Barts Cancer Centre | Cancer treatments | Radiotherapy | Our history
X-rays were discovered in 1895 and 1896. They were being used to treat, as well as imaging, the body. Barts was one of the first hospitals to use this technology and developed itself as a centre in the early part of the 20th Century. Dr Neville Finzi pioneered the department and the early methods of treatment including 'The Finzi-Harmer fenestration technique' to treat small cancers.
Staff at The London in the 1920’s were the first to use radium in the treatment of cancers. In 1936 Barts was the first centre, outside the USA, to install a Million Volt Linear accelerator – the forerunner of the types of machines used worldwide today.
In 1960 a new department opened at Barts, which has continually been updated and modified technically, to provide some to the best radiotherapy available in the UK.

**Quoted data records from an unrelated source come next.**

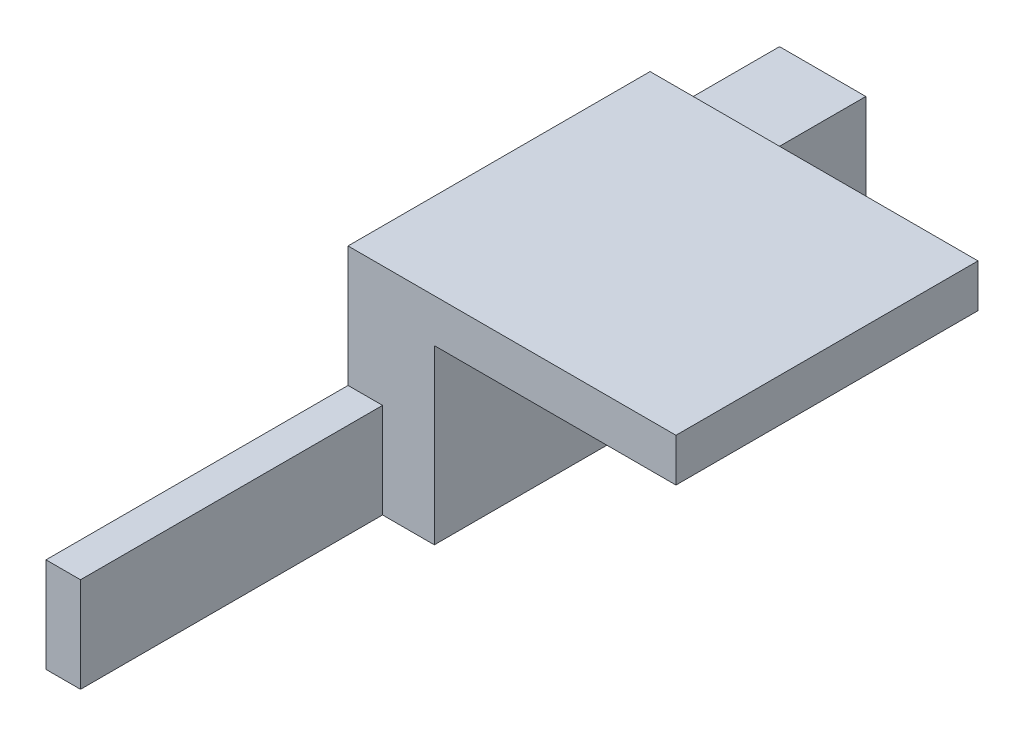
ISO-10303-21;
HEADER;
FILE_DESCRIPTION(('STEP AP214'),'2;1');
FILE_NAME('part.step','',(''),(''),'','','');
FILE_SCHEMA(('AUTOMOTIVE_DESIGN { 1 0 10303 214 1 1 1 1 }'));
ENDSEC;
DATA;
#1=APPLICATION_CONTEXT('core data for automotive mechanical design processes');
#2=APPLICATION_PROTOCOL_DEFINITION('international standard','automotive_design',2000,#1);
#3=PRODUCT_CONTEXT('',#1,'mechanical');
#4=PRODUCT('Part','Part','',(#3));
#5=PRODUCT_RELATED_PRODUCT_CATEGORY('part','',(#4));
#6=PRODUCT_DEFINITION_FORMATION('','',#4);
#7=PRODUCT_DEFINITION_CONTEXT('part definition',#1,'design');
#8=PRODUCT_DEFINITION('design','',#6,#7);
#9=PRODUCT_DEFINITION_SHAPE('','',#8);
#10=(LENGTH_UNIT() NAMED_UNIT(*) SI_UNIT(.MILLI.,.METRE.));
#11=(NAMED_UNIT(*) PLANE_ANGLE_UNIT() SI_UNIT($,.RADIAN.));
#12=(NAMED_UNIT(*) SI_UNIT($,.STERADIAN.) SOLID_ANGLE_UNIT());
#13=UNCERTAINTY_MEASURE_WITH_UNIT(LENGTH_MEASURE(1.E-05),#10,'distance_accuracy_value','');
#14=(GEOMETRIC_REPRESENTATION_CONTEXT(3) GLOBAL_UNCERTAINTY_ASSIGNED_CONTEXT((#13)) GLOBAL_UNIT_ASSIGNED_CONTEXT((#10,
#11,#12)) REPRESENTATION_CONTEXT('',''));
#15=CARTESIAN_POINT('',(0.,0.,0.));
#16=DIRECTION('',(0.,0.,1.));
#17=DIRECTION('',(1.,0.,0.));
#18=AXIS2_PLACEMENT_3D('',#15,#16,#17);
#19=CARTESIAN_POINT('',(0.,0.,0.));
#20=DIRECTION('',(0.,-1.,0.));
#21=DIRECTION('',(0.,0.,-1.));
#22=AXIS2_PLACEMENT_3D('',#19,#20,#21);
#23=PLANE('',#22);
#24=DIRECTION('',(-1.,0.,0.));
#25=VECTOR('',#24,1.);
#26=CARTESIAN_POINT('',(38.,0.,35.));
#27=LINE('',#26,#25);
#28=CARTESIAN_POINT('',(38.,0.,35.));
#29=VERTEX_POINT('',#28);
#30=CARTESIAN_POINT('',(10.,0.,35.));
#31=VERTEX_POINT('',#30);
#32=EDGE_CURVE('E189',#29,#31,#27,.T.);
#33=ORIENTED_EDGE('',*,*,#32,.T.);
#34=DIRECTION('',(0.,0.,-1.));
#35=VECTOR('',#34,1.);
#36=CARTESIAN_POINT('',(10.,0.,35.));
#37=LINE('',#36,#35);
#38=CARTESIAN_POINT('',(10.,0.,0.));
#39=VERTEX_POINT('',#38);
#40=EDGE_CURVE('E162',#31,#39,#37,.T.);
#41=ORIENTED_EDGE('',*,*,#40,.T.);
#42=DIRECTION('',(-1.,0.,0.));
#43=VECTOR('',#42,1.);
#44=CARTESIAN_POINT('',(38.,0.,0.));
#45=LINE('',#44,#43);
#46=CARTESIAN_POINT('',(38.,0.,0.));
#47=VERTEX_POINT('',#46);
#48=EDGE_CURVE('E180',#47,#39,#45,.T.);
#49=ORIENTED_EDGE('',*,*,#48,.F.);
#50=DIRECTION('',(0.,0.,1.));
#51=VECTOR('',#50,1.);
#52=CARTESIAN_POINT('',(38.,0.,0.));
#53=LINE('',#52,#51);
#54=EDGE_CURVE('E171',#47,#29,#53,.T.);
#55=ORIENTED_EDGE('',*,*,#54,.T.);
#56=EDGE_LOOP('',(#33,#41,#49,#55));
#57=FACE_BOUND('',#56,.T.);
#58=ADVANCED_FACE('F35',(#57),#23,.T.);
#59=CARTESIAN_POINT('',(38.,5.,0.));
#60=DIRECTION('',(1.,0.,0.));
#61=DIRECTION('',(0.,0.,-1.));
#62=AXIS2_PLACEMENT_3D('',#59,#60,#61);
#63=PLANE('',#62);
#64=ORIENTED_EDGE('',*,*,#54,.F.);
#65=DIRECTION('',(0.,-1.,0.));
#66=VECTOR('',#65,1.);
#67=CARTESIAN_POINT('',(38.,5.,0.));
#68=LINE('',#67,#66);
#69=CARTESIAN_POINT('',(38.,5.,0.));
#70=VERTEX_POINT('',#69);
#71=EDGE_CURVE('E11',#70,#47,#68,.T.);
#72=ORIENTED_EDGE('',*,*,#71,.F.);
#73=DIRECTION('',(0.,0.,1.));
#74=VECTOR('',#73,1.);
#75=CARTESIAN_POINT('',(38.,5.,0.));
#76=LINE('',#75,#74);
#77=CARTESIAN_POINT('',(38.,5.,35.));
#78=VERTEX_POINT('',#77);
#79=EDGE_CURVE('E176',#70,#78,#76,.T.);
#80=ORIENTED_EDGE('',*,*,#79,.T.);
#81=DIRECTION('',(0.,-1.,0.));
#82=VECTOR('',#81,1.);
#83=CARTESIAN_POINT('',(38.,5.,35.));
#84=LINE('',#83,#82);
#85=EDGE_CURVE('E39',#78,#29,#84,.T.);
#86=ORIENTED_EDGE('',*,*,#85,.T.);
#87=EDGE_LOOP('',(#64,#72,#80,#86));
#88=FACE_BOUND('',#87,.T.);
#89=ADVANCED_FACE('F37',(#88),#63,.T.);
#90=CARTESIAN_POINT('',(38.,5.,0.));
#91=DIRECTION('',(0.,0.,1.));
#92=DIRECTION('',(1.,0.,0.));
#93=AXIS2_PLACEMENT_3D('',#90,#91,#92);
#94=PLANE('',#93);
#95=ORIENTED_EDGE('',*,*,#48,.T.);
#96=CARTESIAN_POINT('',(0.,0.,0.));
#97=VERTEX_POINT('',#96);
#98=EDGE_CURVE('E192',#39,#97,#45,.T.);
#99=ORIENTED_EDGE('',*,*,#98,.T.);
#100=DIRECTION('',(0.,-1.,0.));
#101=VECTOR('',#100,1.);
#102=CARTESIAN_POINT('',(0.,5.,0.));
#103=LINE('',#102,#101);
#104=CARTESIAN_POINT('',(0.,5.,0.));
#105=VERTEX_POINT('',#104);
#106=EDGE_CURVE('E44',#105,#97,#103,.T.);
#107=ORIENTED_EDGE('',*,*,#106,.F.);
#108=DIRECTION('',(-1.,0.,0.));
#109=VECTOR('',#108,1.);
#110=CARTESIAN_POINT('',(38.,5.,0.));
#111=LINE('',#110,#109);
#112=EDGE_CURVE('E185',#70,#105,#111,.T.);
#113=ORIENTED_EDGE('',*,*,#112,.F.);
#114=ORIENTED_EDGE('',*,*,#71,.T.);
#115=EDGE_LOOP('',(#95,#99,#107,#113,#114));
#116=FACE_BOUND('',#115,.T.);
#117=ADVANCED_FACE('F211',(#116),#94,.F.);
#118=CARTESIAN_POINT('',(0.,5.,0.));
#119=DIRECTION('',(1.,0.,0.));
#120=DIRECTION('',(0.,0.,-1.));
#121=AXIS2_PLACEMENT_3D('',#118,#119,#120);
#122=PLANE('',#121);
#123=CARTESIAN_POINT('',(0.,-14.5,51.7000000000001));
#124=DIRECTION('',(1.,0.,0.));
#125=DIRECTION('',(0.,0.,-1.));
#126=AXIS2_PLACEMENT_3D('',#123,#124,#125);
#127=CIRCLE('',#126,3.09999999999999);
#128=CARTESIAN_POINT('',(0.,-14.5,48.6000000000001));
#129=VERTEX_POINT('',#128);
#130=EDGE_CURVE('E384',#129,#129,#127,.T.);
#131=ORIENTED_EDGE('',*,*,#130,.T.);
#132=EDGE_LOOP('',(#131));
#133=FACE_BOUND('',#132,.T.);
#134=CARTESIAN_POINT('',(0.,-14.5,29.4000000000001));
#135=DIRECTION('',(1.,0.,0.));
#136=DIRECTION('',(0.,0.,-1.));
#137=AXIS2_PLACEMENT_3D('',#134,#135,#136);
#138=CIRCLE('',#137,3.1);
#139=CARTESIAN_POINT('',(0.,-14.5,26.3000000000001));
#140=VERTEX_POINT('',#139);
#141=EDGE_CURVE('E387',#140,#140,#138,.T.);
#142=ORIENTED_EDGE('',*,*,#141,.T.);
#143=EDGE_LOOP('',(#142));
#144=FACE_BOUND('',#143,.T.);
#145=ORIENTED_EDGE('',*,*,#106,.T.);
#146=DIRECTION('',(0.,0.,-1.));
#147=VECTOR('',#146,1.);
#148=CARTESIAN_POINT('',(0.,0.,35.));
#149=LINE('',#148,#147);
#150=CARTESIAN_POINT('',(0.,0.,-15.));
#151=VERTEX_POINT('',#150);
#152=EDGE_CURVE('E155',#97,#151,#149,.T.);
#153=ORIENTED_EDGE('',*,*,#152,.T.);
#154=DIRECTION('',(0.,1.,0.));
#155=VECTOR('',#154,1.);
#156=CARTESIAN_POINT('',(0.,-20.,-15.));
#157=LINE('',#156,#155);
#158=CARTESIAN_POINT('',(0.,-20.,-15.));
#159=VERTEX_POINT('',#158);
#160=EDGE_CURVE('E172',#159,#151,#157,.T.);
#161=ORIENTED_EDGE('',*,*,#160,.F.);
#162=DIRECTION('',(0.,0.,-1.));
#163=VECTOR('',#162,1.);
#164=CARTESIAN_POINT('',(0.,-20.,35.));
#165=LINE('',#164,#163);
#166=CARTESIAN_POINT('',(0.,-20.,70.));
#167=VERTEX_POINT('',#166);
#168=EDGE_CURVE('E158',#167,#159,#165,.T.);
#169=ORIENTED_EDGE('',*,*,#168,.F.);
#170=DIRECTION('',(0.,-1.,0.));
#171=VECTOR('',#170,1.);
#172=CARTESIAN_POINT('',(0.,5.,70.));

Barts and The Royal London Hospital's radiotherapy departments merged in 1994. With the development of Barts cancer and cardiac unit, all radiotherapy facilities transferred to the Barts site in 2001.
It maintained its pioneering reputation through the second half of the 20th Century using, amongst other advances, hyperbaric oxygen treatment, lens sparing radiotherapy (for the treatment of retinoblastoma eye tumours) and was the first department in London to develop and use stereotactic radiotherapy for brain tumours.